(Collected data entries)
# # # # # # #

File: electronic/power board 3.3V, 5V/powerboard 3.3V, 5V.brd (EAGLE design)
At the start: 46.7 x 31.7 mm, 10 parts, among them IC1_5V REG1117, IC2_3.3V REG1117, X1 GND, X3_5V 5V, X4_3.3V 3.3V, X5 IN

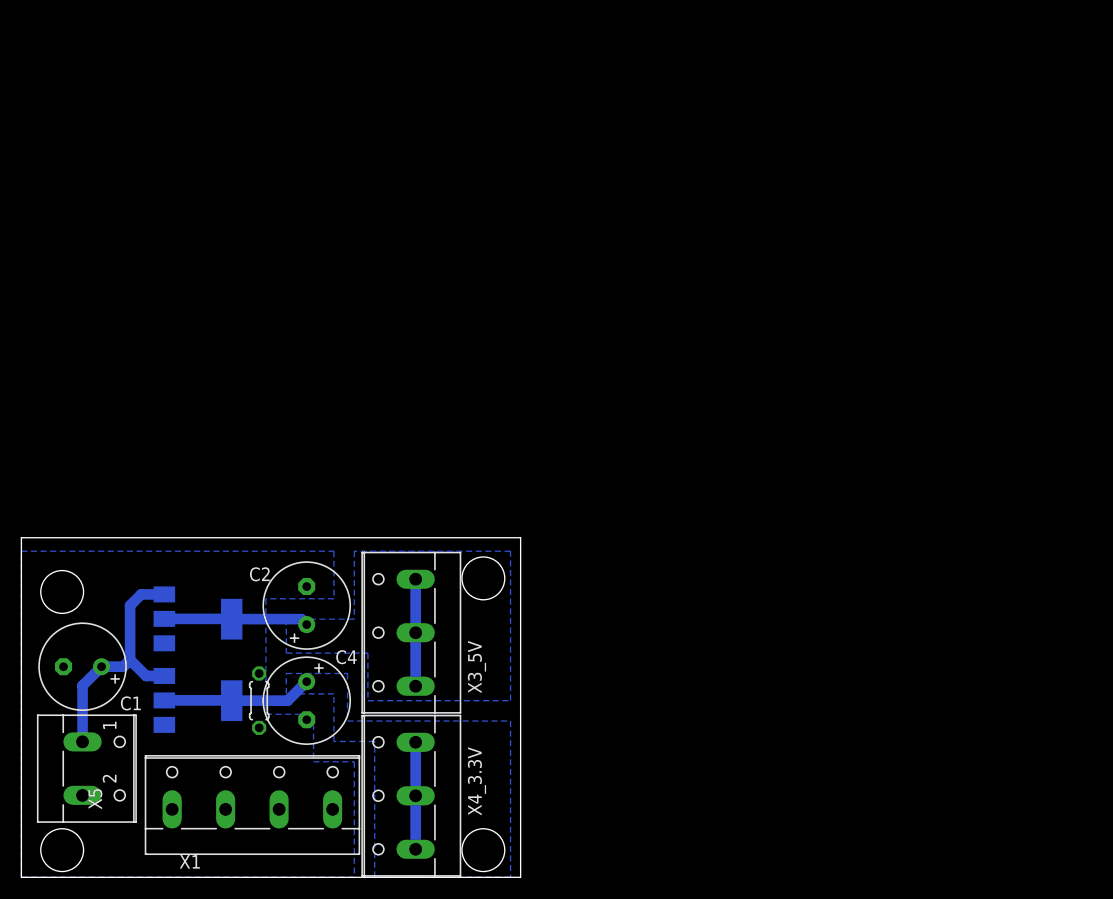
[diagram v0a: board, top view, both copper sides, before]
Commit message: moved schematics to the KiCad
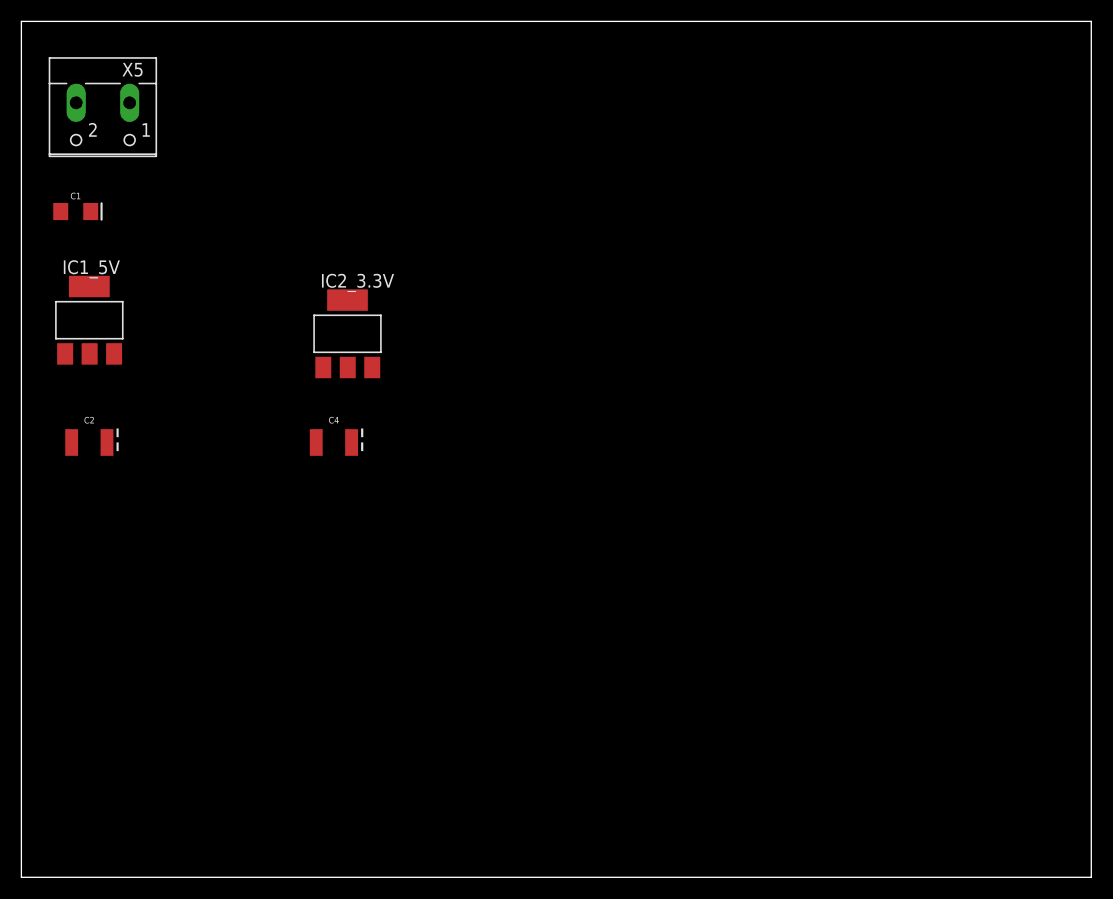
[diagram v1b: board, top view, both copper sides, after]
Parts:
- removed R1: 0, resistor:0204/5
- removed X1: GND, con-wago-500:W237-4
- removed X3_5V: 5V, con-wago-500:W237-103
- removed X4_3.3V: 3.3V, con-wago-500:W237-103
- C1: value 20uF -> 10uF; device resistor:E3,5-8 -> SparkFun-Capacitors:EIA3216
- C2, C4: value 100uF -> 22uF; device resistor:E3,5-8 -> SparkFun-Capacitors:EIA3528
- moved X5 61.0 mm to (7.62, 71.1), turned to 180 degrees
- moved C1 42.5 mm to (5.08, 62.2), turned to 0 degrees
- moved IC2_3.3V 37.0 mm to (30.5, 50.8), flipped to the top, turned to 0 degrees
- moved IC1_5V 29.7 mm to (6.35, 52.1), flipped to the top, turned to 0 degrees
- moved C2 25.4 mm to (6.35, 40.6), turned to 0 degrees
- moved C4 24.3 mm to (29.2, 40.6), turned to 0 degrees
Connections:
- net 3.3V: now also C4.A; no longer C4.+, X4_3.3V.1, X4_3.3V.2, X4_3.3V.3
- net 5V: now also C2.A, IC2_3.3V.3; no longer C2.+, X3_5V.1, X3_5V.2, X3_5V.3
- net GND: now also C2.C, C4.C; no longer C2.-, C4.-, R1.1, R1.2, X1.1, X1.2, X1.3, X1.4
- net VIN: no longer IC2_3.3V.3
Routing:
- net 3.3V: track 24.1 -> 0.00 mm
- net 5V: track 23.5 -> 0.00 mm
- net VIN: track 23.2 -> 0.00 mm
- removed copper zone on layer 16, net 3.3V
- removed copper zone on layer 16, net 5V
- removed copper zone on layer 16, net GND
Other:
- board size 46.7 x 31.7 mm -> 100 x 80 mm

# # # # # # #

ABOUT THIS EXERCISE:
Write out every line above exactly, minus images.

FINAL ANSWER:
File: electronic/power board 3.3V, 5V/powerboard 3.3V, 5V.brd (EAGLE design)
At the start: 46.7 x 31.7 mm, 10 parts, among them IC1_5V REG1117, IC2_3.3V REG1117, X1 GND, X3_5V 5V, X4_3.3V 3.3V, X5 IN

[diagram v0a: board, top view, both copper sides, before]
Commit message: moved schematics to the KiCad
[diagram v1b: board, top view, both copper sides, after]
Parts:
- removed R1: 0, resistor:0204/5
- removed X1: GND, con-wago-500:W237-4
- removed X3_5V: 5V, con-wago-500:W237-103
- removed X4_3.3V: 3.3V, con-wago-500:W237-103
- C1: value 20uF -> 10uF; device resistor:E3,5-8 -> SparkFun-Capacitors:EIA3216
- C2, C4: value 100uF -> 22uF; device resistor:E3,5-8 -> SparkFun-Capacitors:EIA3528
- moved X5 61.0 mm to (7.62, 71.1), turned to 180 degrees
- moved C1 42.5 mm to (5.08, 62.2), turned to 0 degrees
- moved IC2_3.3V 37.0 mm to (30.5, 50.8), flipped to the top, turned to 0 degrees
- moved IC1_5V 29.7 mm to (6.35, 52.1), flipped to the top, turned to 0 degrees
- moved C2 25.4 mm to (6.35, 40.6), turned to 0 degrees
- moved C4 24.3 mm to (29.2, 40.6), turned to 0 degrees
Connections:
- net 3.3V: now also C4.A; no longer C4.+, X4_3.3V.1, X4_3.3V.2, X4_3.3V.3
- net 5V: now also C2.A, IC2_3.3V.3; no longer C2.+, X3_5V.1, X3_5V.2, X3_5V.3
- net GND: now also C2.C, C4.C; no longer C2.-, C4.-, R1.1, R1.2, X1.1, X1.2, X1.3, X1.4
- net VIN: no longer IC2_3.3V.3
Routing:
- net 3.3V: track 24.1 -> 0.00 mm
- net 5V: track 23.5 -> 0.00 mm
- net VIN: track 23.2 -> 0.00 mm
- removed copper zone on layer 16, net 3.3V
- removed copper zone on layer 16, net 5V
- removed copper zone on layer 16, net GND
Other:
- board size 46.7 x 31.7 mm -> 100 x 80 mm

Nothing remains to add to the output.